Data in this exercise ::
[Start of Attachment]
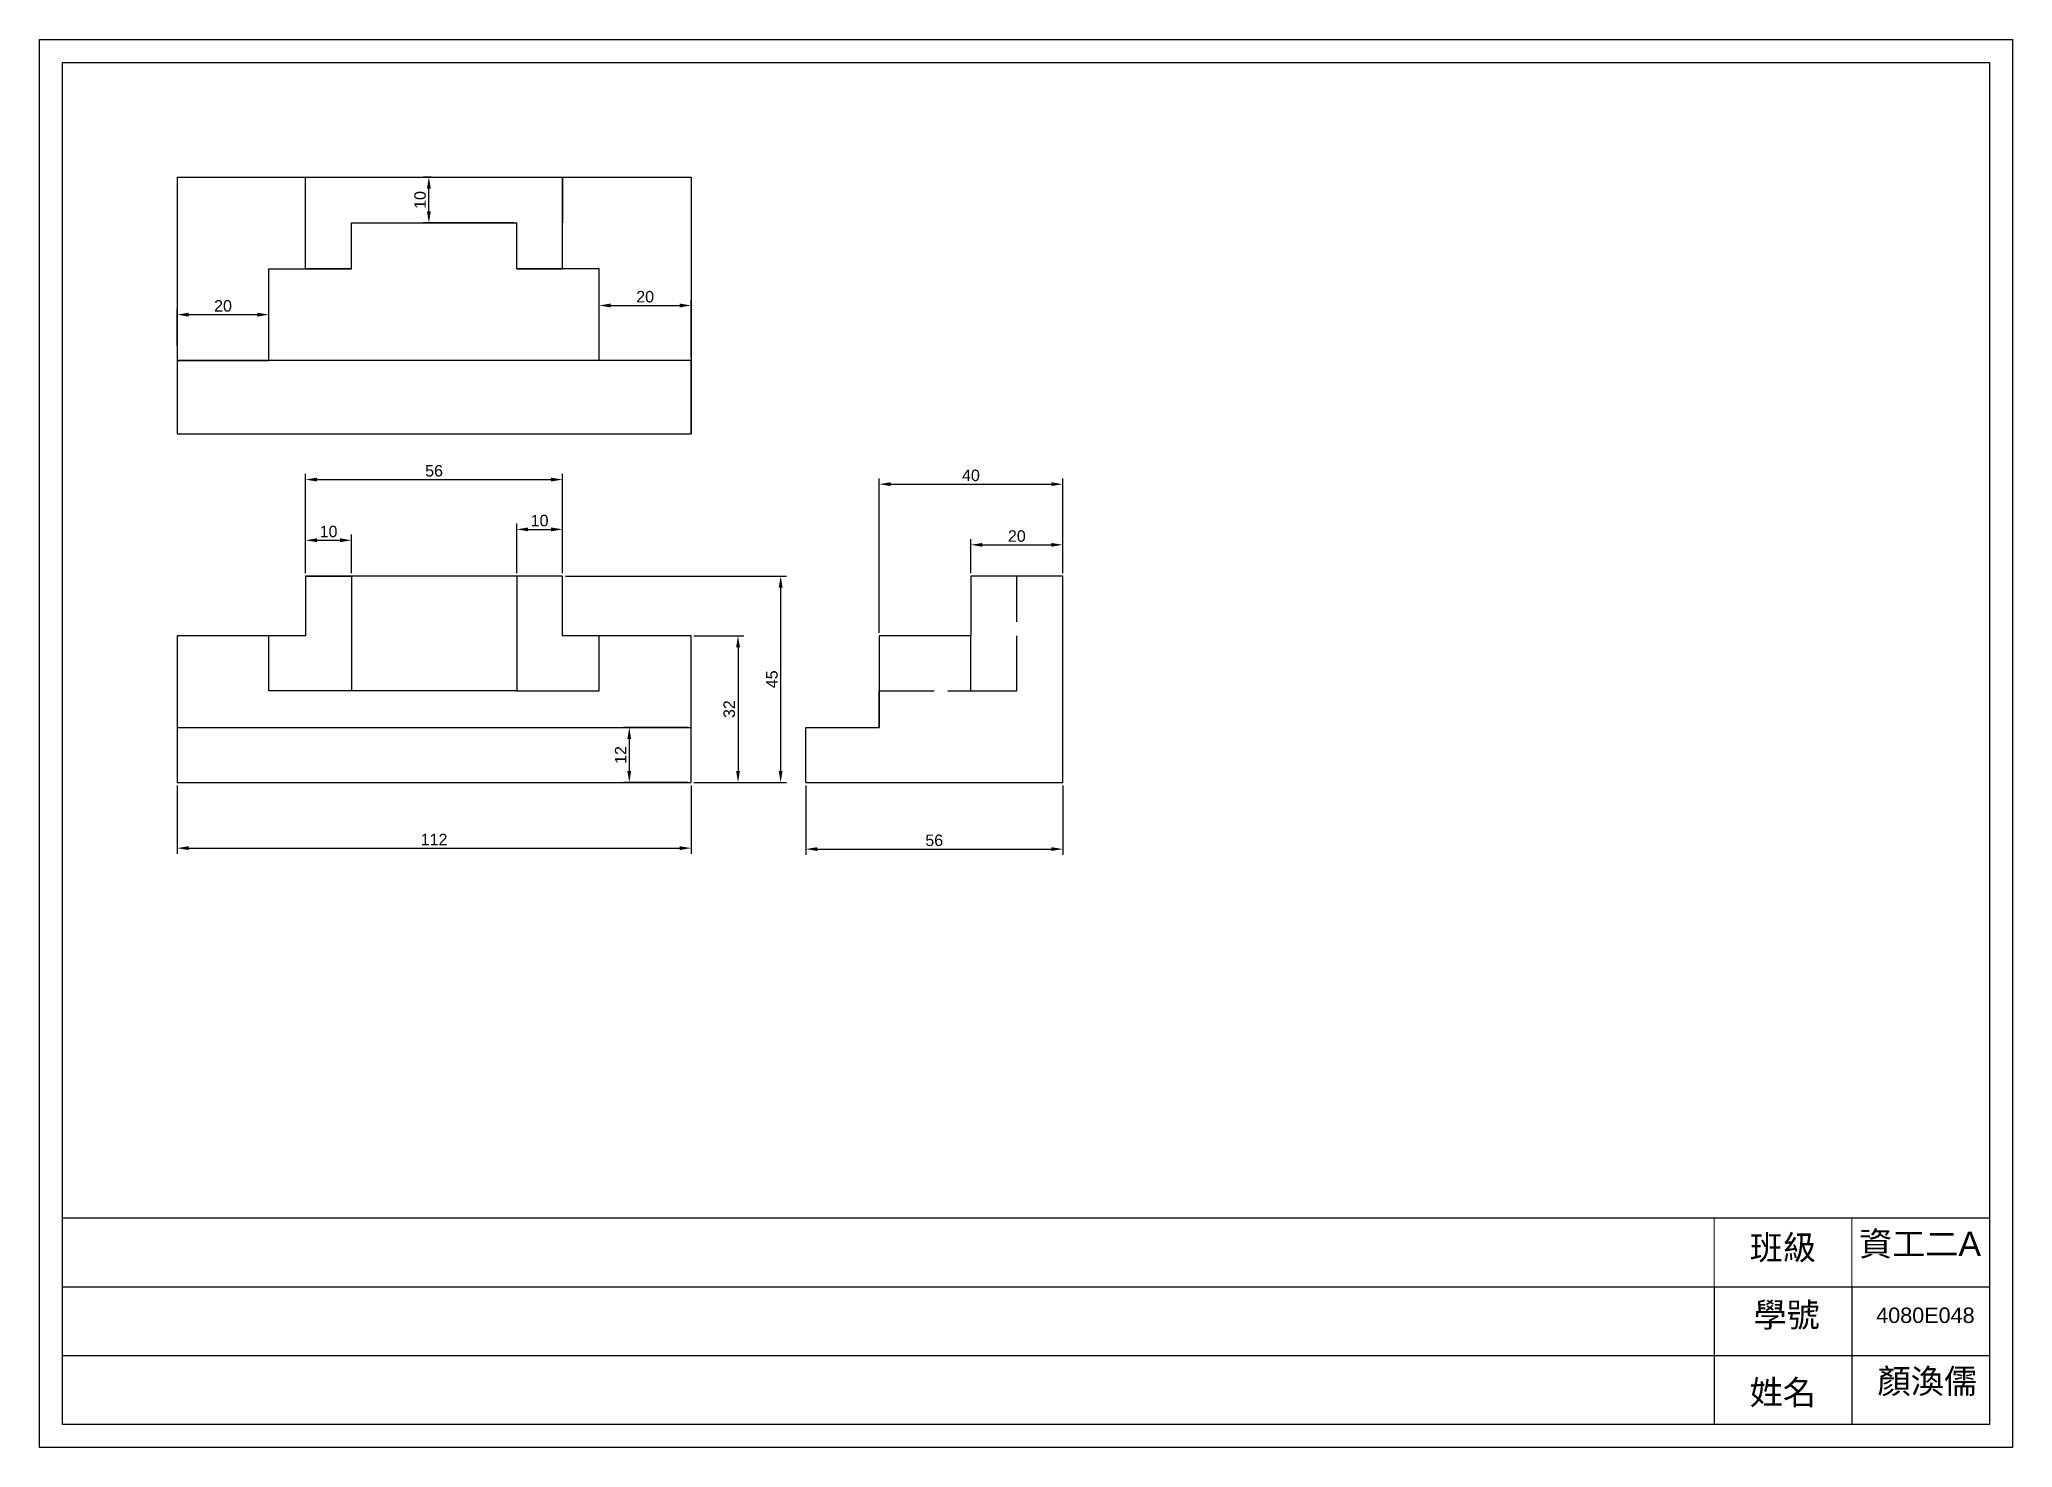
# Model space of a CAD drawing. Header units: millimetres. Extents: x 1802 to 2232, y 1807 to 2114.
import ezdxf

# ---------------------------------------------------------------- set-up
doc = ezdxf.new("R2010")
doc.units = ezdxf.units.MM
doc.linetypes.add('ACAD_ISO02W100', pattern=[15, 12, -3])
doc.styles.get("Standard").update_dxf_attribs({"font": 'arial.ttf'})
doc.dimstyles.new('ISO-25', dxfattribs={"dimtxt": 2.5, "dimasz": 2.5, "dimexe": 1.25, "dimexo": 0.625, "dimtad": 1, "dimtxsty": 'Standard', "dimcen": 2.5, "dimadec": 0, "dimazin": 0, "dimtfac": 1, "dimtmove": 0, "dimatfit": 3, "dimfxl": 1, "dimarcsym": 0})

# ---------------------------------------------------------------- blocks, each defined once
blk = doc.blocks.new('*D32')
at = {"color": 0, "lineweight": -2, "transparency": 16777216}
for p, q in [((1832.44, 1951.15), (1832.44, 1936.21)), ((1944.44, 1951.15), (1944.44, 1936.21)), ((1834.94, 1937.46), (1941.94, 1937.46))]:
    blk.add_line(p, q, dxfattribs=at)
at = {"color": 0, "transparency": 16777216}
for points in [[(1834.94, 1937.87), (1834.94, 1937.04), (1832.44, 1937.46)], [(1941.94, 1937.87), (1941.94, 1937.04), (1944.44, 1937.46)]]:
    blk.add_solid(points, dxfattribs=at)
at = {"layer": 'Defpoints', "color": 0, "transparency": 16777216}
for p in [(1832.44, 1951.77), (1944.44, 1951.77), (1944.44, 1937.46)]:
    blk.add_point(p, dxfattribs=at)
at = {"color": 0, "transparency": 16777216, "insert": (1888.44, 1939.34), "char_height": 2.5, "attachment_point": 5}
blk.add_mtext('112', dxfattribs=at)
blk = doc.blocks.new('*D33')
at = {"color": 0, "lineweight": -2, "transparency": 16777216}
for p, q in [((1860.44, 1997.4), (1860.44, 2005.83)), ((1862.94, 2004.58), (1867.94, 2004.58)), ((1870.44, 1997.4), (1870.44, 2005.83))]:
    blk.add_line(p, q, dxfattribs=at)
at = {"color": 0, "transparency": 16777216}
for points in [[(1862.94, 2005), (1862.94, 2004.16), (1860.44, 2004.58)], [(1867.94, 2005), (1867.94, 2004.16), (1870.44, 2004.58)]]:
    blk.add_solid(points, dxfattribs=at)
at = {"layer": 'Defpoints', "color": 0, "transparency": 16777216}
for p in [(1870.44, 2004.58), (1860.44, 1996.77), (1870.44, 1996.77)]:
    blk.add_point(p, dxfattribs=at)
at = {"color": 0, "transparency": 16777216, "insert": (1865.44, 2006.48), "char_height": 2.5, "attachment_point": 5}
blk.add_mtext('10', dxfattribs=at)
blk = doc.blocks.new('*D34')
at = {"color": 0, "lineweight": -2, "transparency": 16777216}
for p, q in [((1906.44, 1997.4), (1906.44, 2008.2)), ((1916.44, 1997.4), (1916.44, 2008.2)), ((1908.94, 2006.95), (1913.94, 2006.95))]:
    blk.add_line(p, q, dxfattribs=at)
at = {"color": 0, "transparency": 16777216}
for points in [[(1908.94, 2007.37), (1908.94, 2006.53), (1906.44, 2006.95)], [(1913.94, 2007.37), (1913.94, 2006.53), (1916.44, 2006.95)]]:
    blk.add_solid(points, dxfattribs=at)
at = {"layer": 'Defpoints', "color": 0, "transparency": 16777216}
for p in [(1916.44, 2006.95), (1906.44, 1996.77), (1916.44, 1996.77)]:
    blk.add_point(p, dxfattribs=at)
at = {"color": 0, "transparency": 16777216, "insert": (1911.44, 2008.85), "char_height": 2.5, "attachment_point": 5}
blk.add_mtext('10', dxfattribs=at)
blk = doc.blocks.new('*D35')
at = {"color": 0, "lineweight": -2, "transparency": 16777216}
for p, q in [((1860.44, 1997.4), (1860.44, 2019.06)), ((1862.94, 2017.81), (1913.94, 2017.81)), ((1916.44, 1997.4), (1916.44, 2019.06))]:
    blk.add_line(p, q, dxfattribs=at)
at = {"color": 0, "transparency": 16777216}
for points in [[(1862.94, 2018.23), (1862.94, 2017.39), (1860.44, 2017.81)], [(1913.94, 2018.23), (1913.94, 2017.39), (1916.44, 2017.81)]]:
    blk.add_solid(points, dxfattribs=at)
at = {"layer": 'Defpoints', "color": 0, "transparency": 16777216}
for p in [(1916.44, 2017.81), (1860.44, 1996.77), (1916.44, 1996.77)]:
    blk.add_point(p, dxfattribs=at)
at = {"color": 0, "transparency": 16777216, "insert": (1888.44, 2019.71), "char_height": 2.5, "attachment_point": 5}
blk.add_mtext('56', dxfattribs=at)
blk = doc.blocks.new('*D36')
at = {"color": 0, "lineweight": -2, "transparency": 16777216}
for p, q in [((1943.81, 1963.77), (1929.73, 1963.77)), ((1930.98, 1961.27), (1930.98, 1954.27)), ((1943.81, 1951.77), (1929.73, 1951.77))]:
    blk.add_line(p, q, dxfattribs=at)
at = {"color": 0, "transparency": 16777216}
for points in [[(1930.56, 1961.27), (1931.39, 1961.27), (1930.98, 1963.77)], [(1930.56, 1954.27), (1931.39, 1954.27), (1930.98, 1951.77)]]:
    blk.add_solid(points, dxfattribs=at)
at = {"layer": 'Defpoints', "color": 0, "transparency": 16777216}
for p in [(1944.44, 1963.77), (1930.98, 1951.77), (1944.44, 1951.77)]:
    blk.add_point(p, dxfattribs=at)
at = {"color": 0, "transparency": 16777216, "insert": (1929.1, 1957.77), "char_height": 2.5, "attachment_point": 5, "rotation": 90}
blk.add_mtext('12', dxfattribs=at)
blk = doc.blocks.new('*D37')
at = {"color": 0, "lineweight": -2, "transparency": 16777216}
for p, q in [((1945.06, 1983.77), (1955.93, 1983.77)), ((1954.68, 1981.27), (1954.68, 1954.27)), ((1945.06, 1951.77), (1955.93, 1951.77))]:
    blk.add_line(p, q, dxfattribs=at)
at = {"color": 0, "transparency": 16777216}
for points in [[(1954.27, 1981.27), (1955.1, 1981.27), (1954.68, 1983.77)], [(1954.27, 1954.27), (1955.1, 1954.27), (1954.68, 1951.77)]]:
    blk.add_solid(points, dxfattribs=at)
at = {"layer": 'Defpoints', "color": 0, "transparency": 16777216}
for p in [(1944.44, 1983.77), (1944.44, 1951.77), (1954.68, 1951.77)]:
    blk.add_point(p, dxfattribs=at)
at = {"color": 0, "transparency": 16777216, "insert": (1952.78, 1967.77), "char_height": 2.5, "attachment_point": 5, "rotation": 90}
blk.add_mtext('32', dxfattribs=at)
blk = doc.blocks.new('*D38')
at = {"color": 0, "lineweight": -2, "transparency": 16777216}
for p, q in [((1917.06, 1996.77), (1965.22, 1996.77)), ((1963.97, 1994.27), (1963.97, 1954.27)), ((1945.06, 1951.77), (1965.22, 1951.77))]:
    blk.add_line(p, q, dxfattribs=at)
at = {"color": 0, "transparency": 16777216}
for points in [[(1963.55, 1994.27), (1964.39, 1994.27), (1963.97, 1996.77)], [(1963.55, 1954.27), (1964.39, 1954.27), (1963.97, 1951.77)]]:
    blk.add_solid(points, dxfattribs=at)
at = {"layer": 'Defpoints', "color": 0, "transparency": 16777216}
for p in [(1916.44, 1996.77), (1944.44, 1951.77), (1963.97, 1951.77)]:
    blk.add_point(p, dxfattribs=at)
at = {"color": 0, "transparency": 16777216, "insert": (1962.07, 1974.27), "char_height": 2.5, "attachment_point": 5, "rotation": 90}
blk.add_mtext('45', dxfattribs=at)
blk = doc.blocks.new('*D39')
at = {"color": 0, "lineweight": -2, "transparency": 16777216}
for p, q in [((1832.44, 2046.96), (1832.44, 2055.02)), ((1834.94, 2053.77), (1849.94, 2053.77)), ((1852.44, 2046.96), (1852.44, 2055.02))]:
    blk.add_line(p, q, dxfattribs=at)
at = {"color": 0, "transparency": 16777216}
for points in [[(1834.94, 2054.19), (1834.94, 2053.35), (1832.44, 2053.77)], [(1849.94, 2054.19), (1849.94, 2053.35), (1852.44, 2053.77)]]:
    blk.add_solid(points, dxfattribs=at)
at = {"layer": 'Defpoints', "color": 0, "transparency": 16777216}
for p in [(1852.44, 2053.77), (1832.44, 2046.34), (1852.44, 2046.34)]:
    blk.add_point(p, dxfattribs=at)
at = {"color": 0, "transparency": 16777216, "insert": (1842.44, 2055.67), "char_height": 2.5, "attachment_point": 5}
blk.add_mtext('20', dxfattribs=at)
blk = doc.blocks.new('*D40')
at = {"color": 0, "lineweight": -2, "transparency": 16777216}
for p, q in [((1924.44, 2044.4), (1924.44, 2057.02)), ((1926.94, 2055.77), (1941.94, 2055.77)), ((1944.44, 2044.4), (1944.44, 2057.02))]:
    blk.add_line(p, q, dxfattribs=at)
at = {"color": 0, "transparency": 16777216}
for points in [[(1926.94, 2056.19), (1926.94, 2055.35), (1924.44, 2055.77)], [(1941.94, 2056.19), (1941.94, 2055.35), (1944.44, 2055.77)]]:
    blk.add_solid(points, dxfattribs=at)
[End of Attachment]
Exercise ::
On how many lines of the listing does the string "ezdxf" appear? Only the number should be given.

Solution to this problem ::
3